Report the number of lines in the data where the word "linetype" appears, and add no other text.

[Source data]

******************************

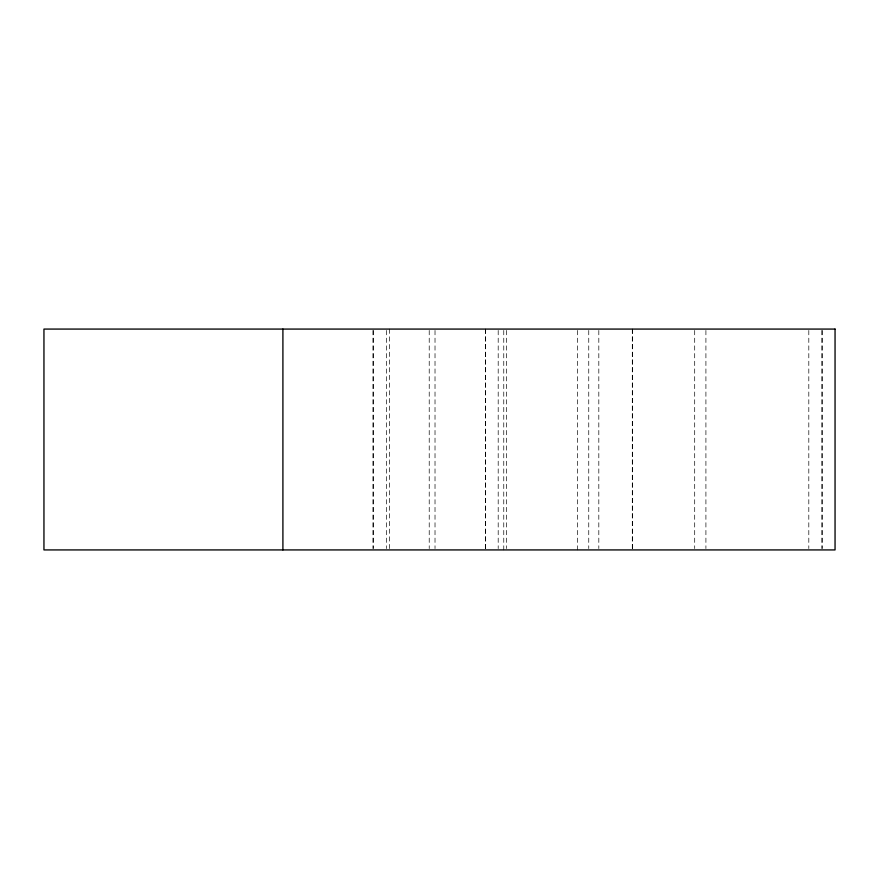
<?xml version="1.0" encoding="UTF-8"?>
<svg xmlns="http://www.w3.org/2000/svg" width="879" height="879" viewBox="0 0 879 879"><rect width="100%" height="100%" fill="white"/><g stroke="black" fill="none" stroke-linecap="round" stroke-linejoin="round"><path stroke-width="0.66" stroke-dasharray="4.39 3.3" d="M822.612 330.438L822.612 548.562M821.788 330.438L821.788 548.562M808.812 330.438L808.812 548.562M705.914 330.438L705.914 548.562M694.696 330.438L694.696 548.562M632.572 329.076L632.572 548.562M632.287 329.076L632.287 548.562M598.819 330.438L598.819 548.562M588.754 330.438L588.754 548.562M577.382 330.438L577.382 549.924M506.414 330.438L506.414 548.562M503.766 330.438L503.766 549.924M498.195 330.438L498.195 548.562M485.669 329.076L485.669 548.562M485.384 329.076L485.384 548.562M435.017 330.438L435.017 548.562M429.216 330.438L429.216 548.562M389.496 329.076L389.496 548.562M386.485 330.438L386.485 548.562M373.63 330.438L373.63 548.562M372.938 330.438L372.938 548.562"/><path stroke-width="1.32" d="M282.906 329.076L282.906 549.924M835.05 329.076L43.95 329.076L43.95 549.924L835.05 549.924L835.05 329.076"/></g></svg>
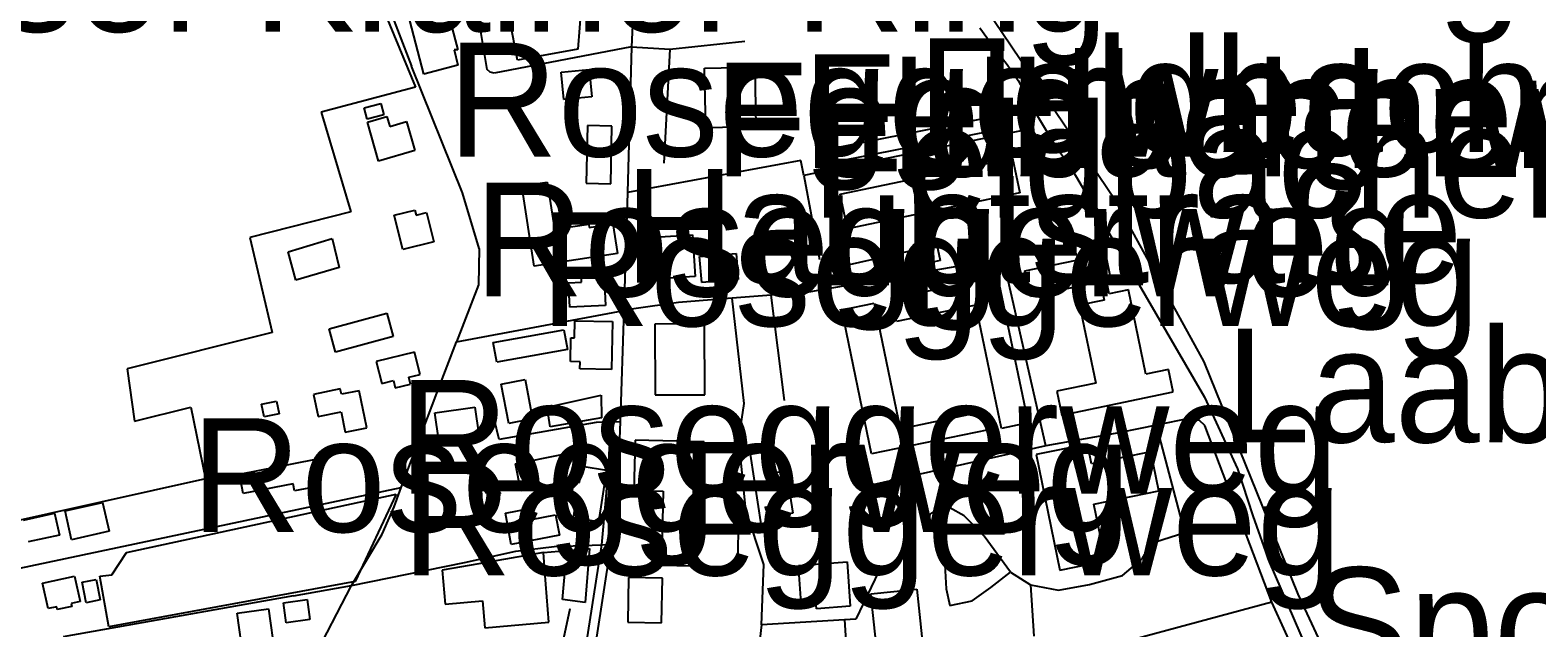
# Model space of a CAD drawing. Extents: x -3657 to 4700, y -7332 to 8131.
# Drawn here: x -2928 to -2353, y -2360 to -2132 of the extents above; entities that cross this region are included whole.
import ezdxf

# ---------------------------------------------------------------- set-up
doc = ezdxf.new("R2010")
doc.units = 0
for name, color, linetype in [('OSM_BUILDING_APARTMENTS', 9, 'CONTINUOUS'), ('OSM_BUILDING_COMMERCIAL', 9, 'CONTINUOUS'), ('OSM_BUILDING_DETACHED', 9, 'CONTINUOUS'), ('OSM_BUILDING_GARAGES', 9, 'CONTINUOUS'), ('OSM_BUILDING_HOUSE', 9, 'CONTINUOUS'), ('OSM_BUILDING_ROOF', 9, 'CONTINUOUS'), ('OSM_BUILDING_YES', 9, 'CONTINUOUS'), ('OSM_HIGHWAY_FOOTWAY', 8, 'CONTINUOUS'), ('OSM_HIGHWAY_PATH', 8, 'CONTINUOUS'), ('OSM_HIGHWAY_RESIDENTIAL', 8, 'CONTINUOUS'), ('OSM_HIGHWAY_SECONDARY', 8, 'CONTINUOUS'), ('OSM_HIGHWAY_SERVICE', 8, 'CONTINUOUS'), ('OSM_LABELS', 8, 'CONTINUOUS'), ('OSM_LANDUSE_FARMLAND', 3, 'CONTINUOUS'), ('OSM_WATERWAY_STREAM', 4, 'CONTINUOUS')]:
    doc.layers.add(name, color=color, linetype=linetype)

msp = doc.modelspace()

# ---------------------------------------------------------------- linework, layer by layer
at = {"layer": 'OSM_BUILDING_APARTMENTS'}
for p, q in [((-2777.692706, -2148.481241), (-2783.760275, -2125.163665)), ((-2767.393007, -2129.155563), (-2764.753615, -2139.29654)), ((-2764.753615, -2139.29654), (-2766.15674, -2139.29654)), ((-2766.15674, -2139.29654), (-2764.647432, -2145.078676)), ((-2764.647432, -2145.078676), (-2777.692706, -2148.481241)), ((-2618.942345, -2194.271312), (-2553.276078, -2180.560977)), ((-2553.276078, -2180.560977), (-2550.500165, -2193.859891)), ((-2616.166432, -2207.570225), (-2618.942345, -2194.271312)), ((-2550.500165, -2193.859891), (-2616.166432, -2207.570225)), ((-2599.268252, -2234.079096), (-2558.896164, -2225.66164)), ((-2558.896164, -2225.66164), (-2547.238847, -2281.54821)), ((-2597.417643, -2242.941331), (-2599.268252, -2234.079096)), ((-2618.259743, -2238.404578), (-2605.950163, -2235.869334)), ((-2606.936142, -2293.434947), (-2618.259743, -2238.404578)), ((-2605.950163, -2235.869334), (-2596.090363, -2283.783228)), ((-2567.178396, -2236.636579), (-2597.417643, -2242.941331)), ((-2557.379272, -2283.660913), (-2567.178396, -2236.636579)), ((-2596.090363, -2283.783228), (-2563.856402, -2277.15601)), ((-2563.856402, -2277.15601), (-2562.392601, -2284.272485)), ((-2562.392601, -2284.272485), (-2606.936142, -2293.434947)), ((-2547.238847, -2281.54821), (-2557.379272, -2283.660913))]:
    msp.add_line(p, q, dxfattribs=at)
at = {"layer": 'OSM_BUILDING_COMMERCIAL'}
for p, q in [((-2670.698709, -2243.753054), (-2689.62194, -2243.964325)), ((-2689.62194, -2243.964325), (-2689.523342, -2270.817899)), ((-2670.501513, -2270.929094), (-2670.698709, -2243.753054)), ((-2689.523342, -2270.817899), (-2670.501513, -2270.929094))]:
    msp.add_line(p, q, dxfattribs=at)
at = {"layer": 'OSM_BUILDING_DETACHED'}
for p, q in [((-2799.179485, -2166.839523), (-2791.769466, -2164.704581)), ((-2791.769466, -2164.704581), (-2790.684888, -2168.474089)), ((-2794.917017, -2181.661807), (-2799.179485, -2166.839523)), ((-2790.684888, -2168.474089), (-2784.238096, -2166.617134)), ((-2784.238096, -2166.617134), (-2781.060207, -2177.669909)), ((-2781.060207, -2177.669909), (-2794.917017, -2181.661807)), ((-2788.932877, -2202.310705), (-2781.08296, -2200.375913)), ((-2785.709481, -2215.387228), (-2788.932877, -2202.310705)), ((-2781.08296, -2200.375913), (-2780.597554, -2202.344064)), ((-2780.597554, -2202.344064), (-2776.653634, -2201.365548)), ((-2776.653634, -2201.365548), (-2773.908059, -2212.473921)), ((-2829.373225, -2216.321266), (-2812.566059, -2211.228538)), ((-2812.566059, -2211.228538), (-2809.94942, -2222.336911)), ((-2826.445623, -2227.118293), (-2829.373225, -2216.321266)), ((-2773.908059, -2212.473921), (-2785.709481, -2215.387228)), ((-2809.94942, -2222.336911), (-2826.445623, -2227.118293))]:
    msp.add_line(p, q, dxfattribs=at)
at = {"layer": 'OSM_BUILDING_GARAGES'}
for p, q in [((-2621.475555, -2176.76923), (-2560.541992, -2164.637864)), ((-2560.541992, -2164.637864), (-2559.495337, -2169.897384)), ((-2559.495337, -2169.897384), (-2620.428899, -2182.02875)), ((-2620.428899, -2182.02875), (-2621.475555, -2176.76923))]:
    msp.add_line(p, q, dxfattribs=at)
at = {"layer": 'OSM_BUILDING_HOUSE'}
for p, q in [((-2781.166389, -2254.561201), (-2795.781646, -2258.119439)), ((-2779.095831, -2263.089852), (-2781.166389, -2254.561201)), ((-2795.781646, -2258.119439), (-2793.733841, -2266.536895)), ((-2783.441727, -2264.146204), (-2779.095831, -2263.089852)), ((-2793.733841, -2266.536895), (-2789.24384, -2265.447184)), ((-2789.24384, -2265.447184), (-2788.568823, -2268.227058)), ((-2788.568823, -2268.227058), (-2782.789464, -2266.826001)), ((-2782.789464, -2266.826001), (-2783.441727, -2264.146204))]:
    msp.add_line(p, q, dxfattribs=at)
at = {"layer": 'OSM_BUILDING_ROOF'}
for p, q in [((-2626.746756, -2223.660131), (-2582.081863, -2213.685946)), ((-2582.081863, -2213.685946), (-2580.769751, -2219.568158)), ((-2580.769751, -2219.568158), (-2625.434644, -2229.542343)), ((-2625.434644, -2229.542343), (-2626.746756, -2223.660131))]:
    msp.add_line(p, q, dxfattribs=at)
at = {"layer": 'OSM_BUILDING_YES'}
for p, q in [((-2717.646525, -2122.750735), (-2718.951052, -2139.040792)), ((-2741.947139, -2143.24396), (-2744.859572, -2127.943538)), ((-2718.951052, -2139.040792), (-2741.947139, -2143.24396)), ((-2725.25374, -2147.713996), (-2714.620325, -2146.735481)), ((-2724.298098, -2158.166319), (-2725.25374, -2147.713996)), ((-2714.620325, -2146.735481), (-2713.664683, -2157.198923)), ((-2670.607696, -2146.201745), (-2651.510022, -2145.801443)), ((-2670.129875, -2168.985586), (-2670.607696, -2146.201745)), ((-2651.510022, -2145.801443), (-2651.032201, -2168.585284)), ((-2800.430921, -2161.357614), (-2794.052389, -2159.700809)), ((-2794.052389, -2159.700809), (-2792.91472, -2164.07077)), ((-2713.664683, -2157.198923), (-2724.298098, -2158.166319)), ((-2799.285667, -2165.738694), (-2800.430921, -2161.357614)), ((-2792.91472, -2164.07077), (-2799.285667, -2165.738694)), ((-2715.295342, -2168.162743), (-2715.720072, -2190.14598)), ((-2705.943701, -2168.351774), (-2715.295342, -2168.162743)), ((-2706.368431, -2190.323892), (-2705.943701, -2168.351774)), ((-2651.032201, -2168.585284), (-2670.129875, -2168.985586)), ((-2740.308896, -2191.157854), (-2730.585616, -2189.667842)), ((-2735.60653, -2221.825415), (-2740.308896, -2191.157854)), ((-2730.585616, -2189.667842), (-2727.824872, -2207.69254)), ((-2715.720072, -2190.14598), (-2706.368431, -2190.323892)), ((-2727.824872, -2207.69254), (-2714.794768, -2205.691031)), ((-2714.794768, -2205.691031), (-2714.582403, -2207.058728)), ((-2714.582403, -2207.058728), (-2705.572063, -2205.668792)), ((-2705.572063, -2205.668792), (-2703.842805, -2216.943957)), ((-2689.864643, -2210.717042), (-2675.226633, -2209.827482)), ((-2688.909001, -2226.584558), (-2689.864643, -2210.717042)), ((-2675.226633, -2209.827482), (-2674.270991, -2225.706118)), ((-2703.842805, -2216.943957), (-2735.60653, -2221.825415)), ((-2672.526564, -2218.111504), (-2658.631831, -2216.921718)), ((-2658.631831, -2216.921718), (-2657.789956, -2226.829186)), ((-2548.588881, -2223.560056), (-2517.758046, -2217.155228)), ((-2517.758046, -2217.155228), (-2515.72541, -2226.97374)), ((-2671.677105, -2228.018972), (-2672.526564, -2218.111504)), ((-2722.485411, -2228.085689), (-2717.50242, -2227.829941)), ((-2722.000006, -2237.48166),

******************************

**Your response:**
2